### Activity
For this exercise, return exactly the lines of the material below that begin at the one with "Selector2 : Selector" and stop after the one with "Step1/1 -> Sum1/2".

^^^^^^^^^^^^^^^^

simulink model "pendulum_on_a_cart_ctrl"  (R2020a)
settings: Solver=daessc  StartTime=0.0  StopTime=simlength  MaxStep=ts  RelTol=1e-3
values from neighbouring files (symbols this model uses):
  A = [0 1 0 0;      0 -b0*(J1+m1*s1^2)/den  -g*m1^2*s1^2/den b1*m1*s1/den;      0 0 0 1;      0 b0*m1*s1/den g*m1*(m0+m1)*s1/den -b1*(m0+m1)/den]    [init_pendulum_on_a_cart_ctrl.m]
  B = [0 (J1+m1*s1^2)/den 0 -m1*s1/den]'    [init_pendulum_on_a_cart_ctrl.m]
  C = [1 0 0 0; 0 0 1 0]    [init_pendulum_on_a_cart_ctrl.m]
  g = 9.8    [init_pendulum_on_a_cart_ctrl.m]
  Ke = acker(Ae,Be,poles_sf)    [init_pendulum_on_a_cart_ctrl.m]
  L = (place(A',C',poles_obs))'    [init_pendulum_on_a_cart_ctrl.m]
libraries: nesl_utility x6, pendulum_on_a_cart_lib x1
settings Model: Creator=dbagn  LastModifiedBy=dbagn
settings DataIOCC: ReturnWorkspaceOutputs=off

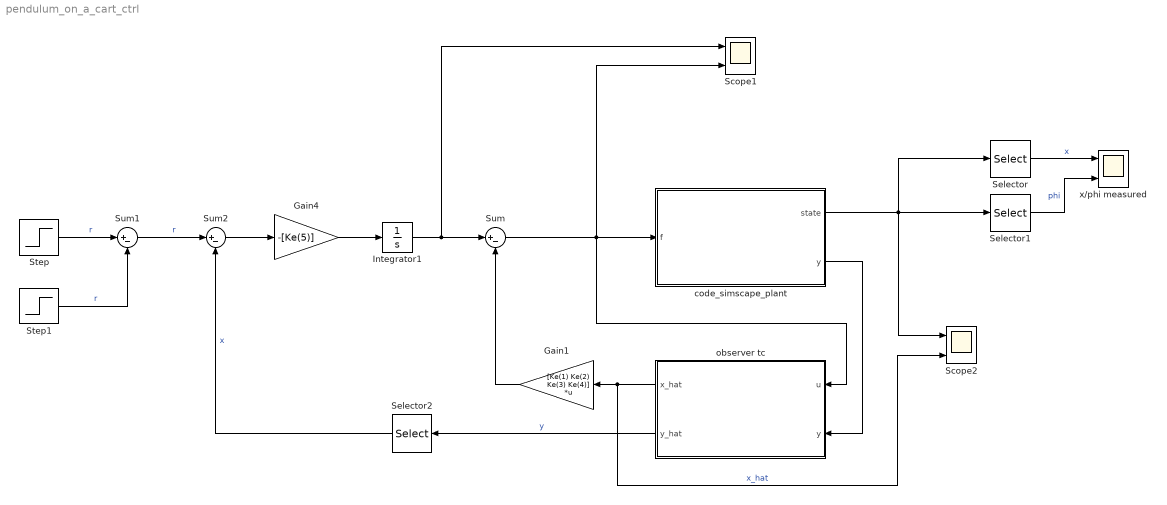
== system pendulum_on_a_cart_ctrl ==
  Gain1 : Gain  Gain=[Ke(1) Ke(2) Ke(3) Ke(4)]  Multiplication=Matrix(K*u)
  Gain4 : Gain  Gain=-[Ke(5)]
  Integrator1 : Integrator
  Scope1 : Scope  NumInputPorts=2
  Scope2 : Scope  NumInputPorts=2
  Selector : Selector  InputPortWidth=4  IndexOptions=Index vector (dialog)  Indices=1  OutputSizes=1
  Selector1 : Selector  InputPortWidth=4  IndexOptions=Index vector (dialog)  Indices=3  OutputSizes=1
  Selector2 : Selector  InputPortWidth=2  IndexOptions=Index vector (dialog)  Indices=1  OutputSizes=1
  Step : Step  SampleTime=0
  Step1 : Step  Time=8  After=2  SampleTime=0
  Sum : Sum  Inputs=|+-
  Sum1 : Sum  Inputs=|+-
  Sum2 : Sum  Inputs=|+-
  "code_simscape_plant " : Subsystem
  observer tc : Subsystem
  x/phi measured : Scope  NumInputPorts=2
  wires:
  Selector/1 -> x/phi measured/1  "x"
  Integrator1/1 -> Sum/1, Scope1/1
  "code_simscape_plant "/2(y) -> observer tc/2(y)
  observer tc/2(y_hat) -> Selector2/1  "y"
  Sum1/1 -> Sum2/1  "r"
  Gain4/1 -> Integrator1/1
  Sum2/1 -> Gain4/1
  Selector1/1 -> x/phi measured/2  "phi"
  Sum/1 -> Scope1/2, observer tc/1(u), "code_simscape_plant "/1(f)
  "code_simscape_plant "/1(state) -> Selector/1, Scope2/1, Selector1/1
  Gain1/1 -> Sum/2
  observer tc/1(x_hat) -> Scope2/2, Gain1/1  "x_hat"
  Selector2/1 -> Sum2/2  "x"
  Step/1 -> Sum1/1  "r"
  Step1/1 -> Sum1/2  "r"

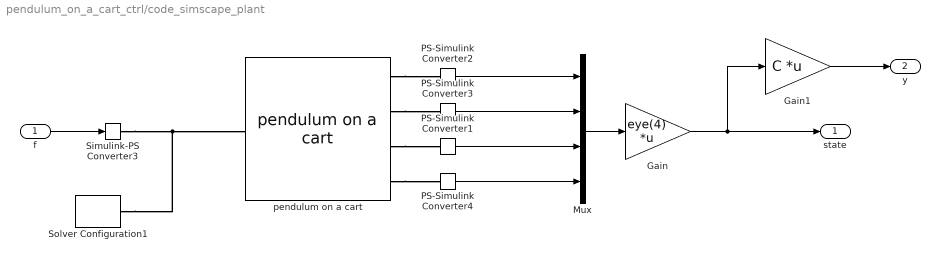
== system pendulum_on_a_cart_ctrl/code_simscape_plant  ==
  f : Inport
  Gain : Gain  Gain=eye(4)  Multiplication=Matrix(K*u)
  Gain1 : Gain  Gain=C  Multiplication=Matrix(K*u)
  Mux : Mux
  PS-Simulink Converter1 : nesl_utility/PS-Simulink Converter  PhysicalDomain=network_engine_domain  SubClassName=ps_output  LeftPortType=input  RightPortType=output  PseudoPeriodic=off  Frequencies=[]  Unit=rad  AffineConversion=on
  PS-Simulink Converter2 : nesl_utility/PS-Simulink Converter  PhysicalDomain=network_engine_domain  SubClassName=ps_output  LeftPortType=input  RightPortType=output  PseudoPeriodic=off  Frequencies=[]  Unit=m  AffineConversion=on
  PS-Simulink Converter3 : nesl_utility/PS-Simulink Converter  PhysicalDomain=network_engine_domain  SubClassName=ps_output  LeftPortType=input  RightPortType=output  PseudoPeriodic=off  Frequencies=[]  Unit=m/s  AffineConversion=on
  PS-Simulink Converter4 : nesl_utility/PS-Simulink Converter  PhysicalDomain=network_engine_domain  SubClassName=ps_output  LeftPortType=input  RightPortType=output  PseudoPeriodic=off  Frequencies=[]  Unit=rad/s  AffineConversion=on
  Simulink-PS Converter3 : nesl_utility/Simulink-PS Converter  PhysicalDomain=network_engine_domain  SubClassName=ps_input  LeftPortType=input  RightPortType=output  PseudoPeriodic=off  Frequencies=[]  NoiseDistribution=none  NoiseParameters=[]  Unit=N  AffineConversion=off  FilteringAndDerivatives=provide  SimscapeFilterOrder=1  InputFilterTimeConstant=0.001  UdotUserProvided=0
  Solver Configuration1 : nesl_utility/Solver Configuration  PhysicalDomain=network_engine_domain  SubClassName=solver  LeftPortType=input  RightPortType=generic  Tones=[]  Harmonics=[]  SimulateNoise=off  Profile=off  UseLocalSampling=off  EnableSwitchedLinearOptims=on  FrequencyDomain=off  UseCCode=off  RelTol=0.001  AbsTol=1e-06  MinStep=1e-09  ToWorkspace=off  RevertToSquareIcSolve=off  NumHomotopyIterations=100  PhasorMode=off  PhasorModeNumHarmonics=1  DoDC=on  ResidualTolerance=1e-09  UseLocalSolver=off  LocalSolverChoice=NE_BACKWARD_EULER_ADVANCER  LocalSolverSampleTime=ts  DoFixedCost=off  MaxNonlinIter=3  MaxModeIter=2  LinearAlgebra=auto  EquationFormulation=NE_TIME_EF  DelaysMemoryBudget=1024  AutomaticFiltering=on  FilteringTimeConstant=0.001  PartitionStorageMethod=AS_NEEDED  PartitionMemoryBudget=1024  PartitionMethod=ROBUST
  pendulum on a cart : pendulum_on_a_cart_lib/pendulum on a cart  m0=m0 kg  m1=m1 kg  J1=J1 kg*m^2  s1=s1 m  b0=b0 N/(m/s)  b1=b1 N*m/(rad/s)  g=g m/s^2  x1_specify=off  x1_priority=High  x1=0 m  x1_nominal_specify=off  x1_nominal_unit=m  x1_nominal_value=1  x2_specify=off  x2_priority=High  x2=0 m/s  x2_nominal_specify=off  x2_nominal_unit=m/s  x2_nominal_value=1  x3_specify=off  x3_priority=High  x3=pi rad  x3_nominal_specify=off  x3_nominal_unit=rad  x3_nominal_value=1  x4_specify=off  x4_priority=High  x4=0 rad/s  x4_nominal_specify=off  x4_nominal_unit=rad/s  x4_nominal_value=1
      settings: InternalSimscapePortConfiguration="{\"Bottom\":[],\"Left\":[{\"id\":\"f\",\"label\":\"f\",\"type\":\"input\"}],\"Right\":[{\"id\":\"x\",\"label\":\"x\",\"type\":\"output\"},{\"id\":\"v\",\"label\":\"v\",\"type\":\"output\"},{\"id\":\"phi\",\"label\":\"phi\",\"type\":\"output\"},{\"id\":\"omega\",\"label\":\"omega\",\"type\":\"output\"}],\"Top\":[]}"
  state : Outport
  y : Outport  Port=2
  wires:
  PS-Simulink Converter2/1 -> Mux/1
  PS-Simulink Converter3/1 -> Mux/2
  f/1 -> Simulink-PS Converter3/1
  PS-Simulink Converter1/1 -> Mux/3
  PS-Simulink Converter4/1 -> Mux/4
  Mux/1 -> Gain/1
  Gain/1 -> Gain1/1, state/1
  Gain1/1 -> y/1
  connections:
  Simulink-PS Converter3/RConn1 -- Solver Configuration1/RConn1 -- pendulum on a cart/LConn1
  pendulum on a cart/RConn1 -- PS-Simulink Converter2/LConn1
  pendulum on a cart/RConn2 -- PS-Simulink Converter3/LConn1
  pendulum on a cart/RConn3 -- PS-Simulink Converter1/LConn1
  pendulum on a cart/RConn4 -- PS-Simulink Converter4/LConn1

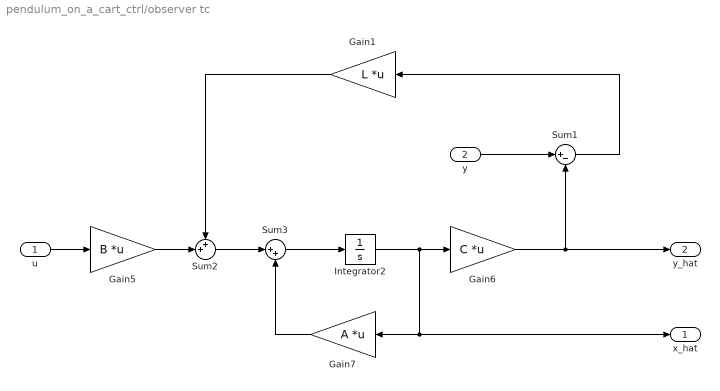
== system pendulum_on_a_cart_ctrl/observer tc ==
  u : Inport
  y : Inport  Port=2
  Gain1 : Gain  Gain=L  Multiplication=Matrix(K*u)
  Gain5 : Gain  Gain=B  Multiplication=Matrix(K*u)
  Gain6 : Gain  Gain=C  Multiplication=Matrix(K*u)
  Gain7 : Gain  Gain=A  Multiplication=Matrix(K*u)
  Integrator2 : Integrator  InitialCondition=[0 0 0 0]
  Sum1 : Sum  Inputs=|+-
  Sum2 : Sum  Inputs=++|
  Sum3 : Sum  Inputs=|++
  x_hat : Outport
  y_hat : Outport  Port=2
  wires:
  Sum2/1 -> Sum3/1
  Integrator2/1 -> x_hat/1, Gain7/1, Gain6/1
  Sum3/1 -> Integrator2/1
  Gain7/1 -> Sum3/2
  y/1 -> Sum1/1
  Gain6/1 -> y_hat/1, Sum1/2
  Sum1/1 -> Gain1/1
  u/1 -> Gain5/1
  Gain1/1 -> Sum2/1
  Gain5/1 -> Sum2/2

^^^^^^^^^^^^^^^^

### Answer space
  Selector2 : Selector  InputPortWidth=2  IndexOptions=Index vector (dialog)  Indices=1  OutputSizes=1
  Step : Step  SampleTime=0
  Step1 : Step  Time=8  After=2  SampleTime=0
  Sum : Sum  Inputs=|+-
  Sum1 : Sum  Inputs=|+-
  Sum2 : Sum  Inputs=|+-
  "code_simscape_plant " : Subsystem
  observer tc : Subsystem
  x/phi measured : Scope  NumInputPorts=2
  wires:
  Selector/1 -> x/phi measured/1  "x"
  Integrator1/1 -> Sum/1, Scope1/1
  "code_simscape_plant "/2(y) -> observer tc/2(y)
  observer tc/2(y_hat) -> Selector2/1  "y"
  Sum1/1 -> Sum2/1  "r"
  Gain4/1 -> Integrator1/1
  Sum2/1 -> Gain4/1
  Selector1/1 -> x/phi measured/2  "phi"
  Sum/1 -> Scope1/2, observer tc/1(u), "code_simscape_plant "/1(f)
  "code_simscape_plant "/1(state) -> Selector/1, Scope2/1, Selector1/1
  Gain1/1 -> Sum/2
  observer tc/1(x_hat) -> Scope2/2, Gain1/1  "x_hat"
  Selector2/1 -> Sum2/2  "x"
  Step/1 -> Sum1/1  "r"
  Step1/1 -> Sum1/2  "r"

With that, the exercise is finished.